### DATA EXTRACTS
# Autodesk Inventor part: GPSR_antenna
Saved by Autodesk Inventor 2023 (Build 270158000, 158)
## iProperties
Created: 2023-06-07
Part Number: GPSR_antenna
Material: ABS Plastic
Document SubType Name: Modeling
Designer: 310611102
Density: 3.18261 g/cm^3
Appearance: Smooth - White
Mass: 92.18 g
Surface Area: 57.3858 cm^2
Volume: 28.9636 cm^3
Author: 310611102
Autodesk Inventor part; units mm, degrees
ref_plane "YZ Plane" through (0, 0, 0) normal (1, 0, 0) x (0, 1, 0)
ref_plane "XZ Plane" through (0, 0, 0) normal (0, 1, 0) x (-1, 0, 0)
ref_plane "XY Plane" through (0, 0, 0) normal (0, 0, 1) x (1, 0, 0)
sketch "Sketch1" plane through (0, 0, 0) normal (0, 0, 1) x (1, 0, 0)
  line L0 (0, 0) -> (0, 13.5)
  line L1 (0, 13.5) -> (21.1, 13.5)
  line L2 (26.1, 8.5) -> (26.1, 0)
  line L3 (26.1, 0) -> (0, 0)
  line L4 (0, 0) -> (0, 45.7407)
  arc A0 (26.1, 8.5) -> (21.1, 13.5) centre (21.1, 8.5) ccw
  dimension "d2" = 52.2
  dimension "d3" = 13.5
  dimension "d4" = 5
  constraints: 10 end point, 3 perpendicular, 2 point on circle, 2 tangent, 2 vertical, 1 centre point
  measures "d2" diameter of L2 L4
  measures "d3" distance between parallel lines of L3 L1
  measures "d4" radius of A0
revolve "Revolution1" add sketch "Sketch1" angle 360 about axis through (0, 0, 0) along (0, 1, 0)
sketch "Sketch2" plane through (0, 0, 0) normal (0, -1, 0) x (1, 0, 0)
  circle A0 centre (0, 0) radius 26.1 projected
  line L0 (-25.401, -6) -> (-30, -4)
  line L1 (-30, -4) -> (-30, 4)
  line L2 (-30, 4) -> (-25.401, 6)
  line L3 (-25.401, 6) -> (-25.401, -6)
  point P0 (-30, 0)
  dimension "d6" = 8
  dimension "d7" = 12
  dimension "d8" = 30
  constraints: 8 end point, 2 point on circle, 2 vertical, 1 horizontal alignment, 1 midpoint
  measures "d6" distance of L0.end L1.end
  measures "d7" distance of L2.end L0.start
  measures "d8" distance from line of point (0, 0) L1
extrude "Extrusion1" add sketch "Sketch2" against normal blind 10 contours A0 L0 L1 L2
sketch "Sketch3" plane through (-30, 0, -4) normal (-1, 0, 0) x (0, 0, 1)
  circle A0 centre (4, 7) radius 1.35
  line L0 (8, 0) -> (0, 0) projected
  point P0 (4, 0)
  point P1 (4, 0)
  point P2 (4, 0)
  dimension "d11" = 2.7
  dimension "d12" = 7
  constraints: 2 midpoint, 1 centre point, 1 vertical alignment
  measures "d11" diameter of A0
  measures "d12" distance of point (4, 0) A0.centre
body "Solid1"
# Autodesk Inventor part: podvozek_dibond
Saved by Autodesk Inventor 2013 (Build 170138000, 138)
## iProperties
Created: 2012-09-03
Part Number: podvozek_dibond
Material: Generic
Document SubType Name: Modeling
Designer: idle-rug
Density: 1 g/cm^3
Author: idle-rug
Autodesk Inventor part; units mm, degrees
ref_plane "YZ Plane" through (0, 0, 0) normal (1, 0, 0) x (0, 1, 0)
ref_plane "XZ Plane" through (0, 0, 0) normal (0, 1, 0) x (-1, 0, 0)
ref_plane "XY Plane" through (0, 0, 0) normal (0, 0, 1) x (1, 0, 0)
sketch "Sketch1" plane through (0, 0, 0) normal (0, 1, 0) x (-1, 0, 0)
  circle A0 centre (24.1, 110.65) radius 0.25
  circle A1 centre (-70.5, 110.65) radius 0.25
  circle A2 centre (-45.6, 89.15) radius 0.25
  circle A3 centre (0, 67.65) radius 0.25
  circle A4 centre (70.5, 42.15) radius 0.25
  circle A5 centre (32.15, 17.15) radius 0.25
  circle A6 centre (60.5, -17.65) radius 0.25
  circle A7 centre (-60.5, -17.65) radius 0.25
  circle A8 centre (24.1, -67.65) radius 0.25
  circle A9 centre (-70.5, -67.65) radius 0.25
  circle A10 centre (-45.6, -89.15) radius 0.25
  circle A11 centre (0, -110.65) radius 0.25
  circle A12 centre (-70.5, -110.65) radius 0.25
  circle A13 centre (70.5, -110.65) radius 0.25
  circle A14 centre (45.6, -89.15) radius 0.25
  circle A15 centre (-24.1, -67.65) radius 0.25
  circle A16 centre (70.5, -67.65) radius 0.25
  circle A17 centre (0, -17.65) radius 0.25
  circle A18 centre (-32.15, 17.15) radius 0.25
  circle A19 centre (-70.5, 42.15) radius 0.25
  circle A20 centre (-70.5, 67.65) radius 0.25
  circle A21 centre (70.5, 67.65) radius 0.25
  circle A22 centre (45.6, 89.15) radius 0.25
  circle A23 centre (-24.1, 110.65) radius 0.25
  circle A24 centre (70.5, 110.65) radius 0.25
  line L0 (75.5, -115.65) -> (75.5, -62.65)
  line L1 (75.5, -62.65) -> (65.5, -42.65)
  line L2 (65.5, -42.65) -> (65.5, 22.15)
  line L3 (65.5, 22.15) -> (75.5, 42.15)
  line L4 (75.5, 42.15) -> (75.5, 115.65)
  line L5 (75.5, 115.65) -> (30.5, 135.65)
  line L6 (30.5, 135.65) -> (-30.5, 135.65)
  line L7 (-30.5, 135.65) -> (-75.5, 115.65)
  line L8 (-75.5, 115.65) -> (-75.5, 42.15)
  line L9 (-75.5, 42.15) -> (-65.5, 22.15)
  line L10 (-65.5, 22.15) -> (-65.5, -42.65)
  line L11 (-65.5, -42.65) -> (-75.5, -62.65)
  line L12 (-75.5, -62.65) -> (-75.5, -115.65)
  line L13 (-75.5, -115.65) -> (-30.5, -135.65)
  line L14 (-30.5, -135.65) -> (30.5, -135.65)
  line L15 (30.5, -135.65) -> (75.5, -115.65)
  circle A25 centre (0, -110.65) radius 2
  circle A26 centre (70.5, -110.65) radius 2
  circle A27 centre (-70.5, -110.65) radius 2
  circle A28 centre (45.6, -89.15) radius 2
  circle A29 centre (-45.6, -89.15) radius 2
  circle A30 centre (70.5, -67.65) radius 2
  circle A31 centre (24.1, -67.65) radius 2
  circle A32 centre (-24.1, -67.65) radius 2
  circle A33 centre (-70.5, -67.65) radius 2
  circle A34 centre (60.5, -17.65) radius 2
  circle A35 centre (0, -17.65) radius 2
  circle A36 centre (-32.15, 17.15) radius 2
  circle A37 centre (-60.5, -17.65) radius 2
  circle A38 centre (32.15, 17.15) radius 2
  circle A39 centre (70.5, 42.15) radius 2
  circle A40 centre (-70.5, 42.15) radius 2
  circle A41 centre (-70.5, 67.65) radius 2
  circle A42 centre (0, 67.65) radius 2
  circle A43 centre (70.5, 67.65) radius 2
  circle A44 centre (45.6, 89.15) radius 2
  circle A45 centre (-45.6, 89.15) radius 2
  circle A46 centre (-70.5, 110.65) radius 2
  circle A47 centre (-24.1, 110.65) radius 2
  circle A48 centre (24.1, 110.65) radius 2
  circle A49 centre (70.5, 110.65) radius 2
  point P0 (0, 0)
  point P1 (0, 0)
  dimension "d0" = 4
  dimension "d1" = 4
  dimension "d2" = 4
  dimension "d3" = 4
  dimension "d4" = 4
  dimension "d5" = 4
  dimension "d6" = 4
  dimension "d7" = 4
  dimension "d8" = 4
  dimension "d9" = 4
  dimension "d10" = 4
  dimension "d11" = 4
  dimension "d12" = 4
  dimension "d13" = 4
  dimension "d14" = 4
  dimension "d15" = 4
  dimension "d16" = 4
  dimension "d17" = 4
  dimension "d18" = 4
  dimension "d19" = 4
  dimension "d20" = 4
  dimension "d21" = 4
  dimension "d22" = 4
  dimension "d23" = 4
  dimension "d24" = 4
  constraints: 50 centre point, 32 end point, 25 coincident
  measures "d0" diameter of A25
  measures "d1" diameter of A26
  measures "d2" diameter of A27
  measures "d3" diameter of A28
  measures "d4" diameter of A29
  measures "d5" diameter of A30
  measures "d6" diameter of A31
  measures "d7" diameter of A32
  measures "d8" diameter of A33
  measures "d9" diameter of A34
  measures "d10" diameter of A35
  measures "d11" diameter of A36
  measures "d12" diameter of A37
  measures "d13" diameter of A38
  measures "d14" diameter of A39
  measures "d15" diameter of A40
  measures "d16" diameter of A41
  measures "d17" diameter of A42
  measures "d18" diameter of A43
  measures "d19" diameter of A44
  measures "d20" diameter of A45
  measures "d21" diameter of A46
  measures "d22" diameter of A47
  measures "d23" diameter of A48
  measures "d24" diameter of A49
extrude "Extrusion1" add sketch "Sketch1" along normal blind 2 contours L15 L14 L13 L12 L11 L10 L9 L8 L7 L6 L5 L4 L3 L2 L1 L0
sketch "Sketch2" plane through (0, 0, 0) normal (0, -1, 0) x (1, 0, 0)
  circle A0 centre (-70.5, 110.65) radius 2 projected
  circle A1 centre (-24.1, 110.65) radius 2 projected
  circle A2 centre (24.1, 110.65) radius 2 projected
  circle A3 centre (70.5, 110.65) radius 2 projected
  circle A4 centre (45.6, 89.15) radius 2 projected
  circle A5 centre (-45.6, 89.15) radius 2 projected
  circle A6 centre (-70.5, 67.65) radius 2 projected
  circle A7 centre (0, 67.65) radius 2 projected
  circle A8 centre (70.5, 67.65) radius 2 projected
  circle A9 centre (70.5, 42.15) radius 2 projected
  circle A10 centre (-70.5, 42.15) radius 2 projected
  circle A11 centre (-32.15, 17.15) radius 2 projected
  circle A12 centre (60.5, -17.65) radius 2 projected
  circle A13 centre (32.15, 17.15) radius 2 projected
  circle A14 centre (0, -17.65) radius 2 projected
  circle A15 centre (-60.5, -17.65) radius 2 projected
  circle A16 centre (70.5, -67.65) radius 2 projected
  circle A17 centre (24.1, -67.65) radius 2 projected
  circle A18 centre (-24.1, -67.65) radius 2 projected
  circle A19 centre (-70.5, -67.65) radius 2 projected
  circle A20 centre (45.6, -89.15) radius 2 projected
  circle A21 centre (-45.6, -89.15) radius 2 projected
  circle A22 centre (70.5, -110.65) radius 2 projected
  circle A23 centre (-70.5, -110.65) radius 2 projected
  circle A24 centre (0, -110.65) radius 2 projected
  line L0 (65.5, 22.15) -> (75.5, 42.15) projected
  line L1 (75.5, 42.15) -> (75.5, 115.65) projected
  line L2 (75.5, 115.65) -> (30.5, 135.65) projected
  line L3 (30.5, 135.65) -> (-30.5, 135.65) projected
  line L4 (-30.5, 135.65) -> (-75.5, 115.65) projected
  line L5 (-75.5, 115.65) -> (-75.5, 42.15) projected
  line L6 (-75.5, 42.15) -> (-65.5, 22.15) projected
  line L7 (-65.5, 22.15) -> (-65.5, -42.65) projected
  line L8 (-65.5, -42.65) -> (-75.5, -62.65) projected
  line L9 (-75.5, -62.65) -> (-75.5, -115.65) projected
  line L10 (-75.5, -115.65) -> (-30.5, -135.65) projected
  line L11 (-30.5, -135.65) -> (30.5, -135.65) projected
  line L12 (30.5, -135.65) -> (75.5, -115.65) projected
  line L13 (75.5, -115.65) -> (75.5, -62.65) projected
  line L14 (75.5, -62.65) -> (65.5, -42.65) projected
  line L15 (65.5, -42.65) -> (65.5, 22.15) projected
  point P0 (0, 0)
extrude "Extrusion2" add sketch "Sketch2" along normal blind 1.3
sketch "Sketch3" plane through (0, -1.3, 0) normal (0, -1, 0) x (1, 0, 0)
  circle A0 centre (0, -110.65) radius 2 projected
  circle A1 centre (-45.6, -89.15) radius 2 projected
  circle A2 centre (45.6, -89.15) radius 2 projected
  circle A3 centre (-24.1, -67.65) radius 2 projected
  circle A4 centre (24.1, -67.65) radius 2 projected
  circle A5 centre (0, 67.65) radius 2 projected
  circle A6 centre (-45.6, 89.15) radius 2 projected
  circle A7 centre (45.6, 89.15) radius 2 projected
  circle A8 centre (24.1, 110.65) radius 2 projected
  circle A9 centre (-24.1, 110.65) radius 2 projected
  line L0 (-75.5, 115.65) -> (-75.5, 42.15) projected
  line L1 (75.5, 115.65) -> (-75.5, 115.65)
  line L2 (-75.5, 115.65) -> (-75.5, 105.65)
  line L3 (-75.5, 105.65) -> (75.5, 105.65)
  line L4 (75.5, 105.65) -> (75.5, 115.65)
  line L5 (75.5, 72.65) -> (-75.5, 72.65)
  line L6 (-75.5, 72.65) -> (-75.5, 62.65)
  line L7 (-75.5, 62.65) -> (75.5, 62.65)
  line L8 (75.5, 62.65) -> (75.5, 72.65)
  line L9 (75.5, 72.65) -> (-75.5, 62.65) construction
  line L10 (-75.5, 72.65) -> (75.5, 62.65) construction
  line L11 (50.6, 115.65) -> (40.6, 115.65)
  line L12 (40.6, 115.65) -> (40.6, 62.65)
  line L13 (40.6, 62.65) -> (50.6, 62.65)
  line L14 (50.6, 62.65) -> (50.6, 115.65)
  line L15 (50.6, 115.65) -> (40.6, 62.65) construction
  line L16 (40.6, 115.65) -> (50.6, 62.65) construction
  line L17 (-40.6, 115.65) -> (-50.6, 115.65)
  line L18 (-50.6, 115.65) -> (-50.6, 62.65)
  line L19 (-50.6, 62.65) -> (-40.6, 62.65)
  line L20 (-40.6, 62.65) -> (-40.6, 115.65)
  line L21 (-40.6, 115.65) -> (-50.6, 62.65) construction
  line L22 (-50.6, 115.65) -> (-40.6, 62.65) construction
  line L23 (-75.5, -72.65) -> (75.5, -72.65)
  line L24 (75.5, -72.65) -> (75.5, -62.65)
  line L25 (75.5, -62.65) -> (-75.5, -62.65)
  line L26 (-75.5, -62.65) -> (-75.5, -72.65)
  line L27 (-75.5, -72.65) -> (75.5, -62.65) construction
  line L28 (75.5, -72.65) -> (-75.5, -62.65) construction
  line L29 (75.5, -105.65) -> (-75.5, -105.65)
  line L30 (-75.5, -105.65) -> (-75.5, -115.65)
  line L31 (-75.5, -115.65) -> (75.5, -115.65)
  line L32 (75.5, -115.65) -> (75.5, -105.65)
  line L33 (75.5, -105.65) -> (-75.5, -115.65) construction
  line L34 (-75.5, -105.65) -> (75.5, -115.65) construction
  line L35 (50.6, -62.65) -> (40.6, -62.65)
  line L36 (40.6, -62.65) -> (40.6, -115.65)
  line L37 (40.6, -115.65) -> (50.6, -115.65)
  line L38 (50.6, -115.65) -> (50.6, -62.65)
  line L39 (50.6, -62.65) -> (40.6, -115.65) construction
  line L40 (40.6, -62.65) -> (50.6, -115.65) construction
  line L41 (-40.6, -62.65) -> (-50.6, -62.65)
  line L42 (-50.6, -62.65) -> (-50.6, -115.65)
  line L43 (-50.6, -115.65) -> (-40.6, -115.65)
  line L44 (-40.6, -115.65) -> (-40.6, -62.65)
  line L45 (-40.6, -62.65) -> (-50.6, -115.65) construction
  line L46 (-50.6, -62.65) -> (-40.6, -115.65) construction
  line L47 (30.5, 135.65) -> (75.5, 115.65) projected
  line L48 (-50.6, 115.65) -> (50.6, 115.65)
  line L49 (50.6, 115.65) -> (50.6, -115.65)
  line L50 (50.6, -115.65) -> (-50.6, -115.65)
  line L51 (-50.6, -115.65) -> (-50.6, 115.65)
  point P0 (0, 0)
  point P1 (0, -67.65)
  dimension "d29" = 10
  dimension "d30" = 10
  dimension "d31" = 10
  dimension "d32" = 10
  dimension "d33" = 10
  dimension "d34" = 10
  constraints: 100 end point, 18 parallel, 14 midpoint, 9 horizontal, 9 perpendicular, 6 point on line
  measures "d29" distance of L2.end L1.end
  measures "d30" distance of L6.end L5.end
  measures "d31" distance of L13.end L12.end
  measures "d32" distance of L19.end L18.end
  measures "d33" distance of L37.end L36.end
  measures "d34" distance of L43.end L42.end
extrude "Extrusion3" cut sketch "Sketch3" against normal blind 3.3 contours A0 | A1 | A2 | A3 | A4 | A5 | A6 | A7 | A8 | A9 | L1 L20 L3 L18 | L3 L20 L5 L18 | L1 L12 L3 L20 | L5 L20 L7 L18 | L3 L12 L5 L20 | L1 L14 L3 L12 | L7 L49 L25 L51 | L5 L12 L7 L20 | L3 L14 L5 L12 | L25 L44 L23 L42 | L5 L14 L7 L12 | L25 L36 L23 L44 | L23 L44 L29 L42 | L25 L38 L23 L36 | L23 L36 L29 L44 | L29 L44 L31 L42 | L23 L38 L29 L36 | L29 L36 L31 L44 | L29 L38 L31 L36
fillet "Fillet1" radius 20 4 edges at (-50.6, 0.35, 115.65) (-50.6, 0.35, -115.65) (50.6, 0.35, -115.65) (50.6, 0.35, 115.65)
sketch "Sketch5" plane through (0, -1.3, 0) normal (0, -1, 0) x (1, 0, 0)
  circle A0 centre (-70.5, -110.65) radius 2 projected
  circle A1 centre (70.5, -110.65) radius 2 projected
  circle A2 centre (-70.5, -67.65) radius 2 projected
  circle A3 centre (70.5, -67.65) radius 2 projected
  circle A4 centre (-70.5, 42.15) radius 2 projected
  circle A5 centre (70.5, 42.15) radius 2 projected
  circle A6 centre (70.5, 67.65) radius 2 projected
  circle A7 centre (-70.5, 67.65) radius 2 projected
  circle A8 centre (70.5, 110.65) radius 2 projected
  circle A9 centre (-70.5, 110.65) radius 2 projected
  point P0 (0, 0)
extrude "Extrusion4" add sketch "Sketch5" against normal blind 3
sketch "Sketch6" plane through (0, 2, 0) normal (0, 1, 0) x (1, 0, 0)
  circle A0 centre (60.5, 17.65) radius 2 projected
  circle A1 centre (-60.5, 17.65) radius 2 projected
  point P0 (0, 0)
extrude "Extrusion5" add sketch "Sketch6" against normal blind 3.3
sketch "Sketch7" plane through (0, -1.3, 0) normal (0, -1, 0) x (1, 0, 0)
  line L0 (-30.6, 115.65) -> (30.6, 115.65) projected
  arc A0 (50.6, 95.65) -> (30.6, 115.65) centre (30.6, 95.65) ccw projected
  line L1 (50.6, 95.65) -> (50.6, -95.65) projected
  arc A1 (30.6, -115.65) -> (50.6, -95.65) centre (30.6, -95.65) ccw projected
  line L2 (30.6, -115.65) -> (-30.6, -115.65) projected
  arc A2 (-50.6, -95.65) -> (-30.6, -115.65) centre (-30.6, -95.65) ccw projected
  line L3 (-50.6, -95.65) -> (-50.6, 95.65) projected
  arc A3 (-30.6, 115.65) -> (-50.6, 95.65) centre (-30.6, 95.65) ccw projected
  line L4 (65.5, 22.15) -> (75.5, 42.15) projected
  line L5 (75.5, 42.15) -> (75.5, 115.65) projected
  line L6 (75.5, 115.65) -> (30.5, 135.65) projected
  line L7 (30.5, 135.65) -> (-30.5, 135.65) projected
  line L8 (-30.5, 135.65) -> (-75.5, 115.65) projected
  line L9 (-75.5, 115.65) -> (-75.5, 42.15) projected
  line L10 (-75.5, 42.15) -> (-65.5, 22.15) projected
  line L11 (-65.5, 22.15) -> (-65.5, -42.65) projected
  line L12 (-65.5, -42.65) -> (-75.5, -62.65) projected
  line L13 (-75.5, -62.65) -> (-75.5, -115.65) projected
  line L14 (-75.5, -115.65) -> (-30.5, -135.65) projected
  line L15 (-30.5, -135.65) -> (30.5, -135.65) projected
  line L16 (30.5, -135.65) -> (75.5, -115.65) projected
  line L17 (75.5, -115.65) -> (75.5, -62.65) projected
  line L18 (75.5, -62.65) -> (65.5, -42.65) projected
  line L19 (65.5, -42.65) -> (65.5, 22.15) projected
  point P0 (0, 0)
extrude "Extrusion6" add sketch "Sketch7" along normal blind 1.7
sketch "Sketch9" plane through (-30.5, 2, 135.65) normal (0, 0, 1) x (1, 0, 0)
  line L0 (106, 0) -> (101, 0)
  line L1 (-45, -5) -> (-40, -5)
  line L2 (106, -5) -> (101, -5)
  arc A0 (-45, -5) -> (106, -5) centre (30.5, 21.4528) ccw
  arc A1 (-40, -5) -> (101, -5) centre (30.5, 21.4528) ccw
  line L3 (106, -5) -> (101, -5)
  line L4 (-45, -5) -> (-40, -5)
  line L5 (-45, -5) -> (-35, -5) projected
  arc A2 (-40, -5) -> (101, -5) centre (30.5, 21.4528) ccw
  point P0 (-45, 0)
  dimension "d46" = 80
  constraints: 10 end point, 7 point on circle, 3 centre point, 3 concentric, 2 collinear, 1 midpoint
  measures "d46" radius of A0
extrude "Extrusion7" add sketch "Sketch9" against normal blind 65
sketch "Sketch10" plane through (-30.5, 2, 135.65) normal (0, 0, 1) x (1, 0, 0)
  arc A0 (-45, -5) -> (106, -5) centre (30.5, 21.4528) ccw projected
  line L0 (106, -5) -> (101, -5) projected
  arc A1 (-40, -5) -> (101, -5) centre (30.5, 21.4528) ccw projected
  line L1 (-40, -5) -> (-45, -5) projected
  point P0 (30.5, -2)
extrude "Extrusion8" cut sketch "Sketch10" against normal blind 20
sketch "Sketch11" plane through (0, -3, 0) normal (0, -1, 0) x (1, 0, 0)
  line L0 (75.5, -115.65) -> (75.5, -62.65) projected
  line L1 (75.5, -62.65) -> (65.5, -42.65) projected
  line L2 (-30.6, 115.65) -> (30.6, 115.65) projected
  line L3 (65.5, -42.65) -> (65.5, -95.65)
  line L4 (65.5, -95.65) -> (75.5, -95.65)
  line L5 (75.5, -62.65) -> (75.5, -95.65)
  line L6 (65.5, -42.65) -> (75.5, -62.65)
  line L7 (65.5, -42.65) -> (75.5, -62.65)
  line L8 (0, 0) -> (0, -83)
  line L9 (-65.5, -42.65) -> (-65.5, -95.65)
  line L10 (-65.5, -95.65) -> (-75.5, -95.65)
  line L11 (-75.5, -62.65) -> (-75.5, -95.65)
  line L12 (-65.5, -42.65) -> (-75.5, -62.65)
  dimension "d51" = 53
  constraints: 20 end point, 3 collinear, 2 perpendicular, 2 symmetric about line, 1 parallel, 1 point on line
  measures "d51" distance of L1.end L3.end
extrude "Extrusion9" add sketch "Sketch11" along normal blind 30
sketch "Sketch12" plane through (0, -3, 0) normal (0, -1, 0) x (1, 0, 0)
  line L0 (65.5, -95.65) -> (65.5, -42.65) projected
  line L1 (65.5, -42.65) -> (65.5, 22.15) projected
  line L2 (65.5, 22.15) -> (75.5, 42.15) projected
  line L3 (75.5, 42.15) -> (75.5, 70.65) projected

### YOUR TASK
After locating the line holding "diameter of A41" above, output exactly that line and every line after it through the line holding "diameter of A49". Include nothing else.

### RESULT OF THIS TASK
  measures "d16" diameter of A41
  measures "d17" diameter of A42
  measures "d18" diameter of A43
  measures "d19" diameter of A44
  measures "d20" diameter of A45
  measures "d21" diameter of A46
  measures "d22" diameter of A47
  measures "d23" diameter of A48
  measures "d24" diameter of A49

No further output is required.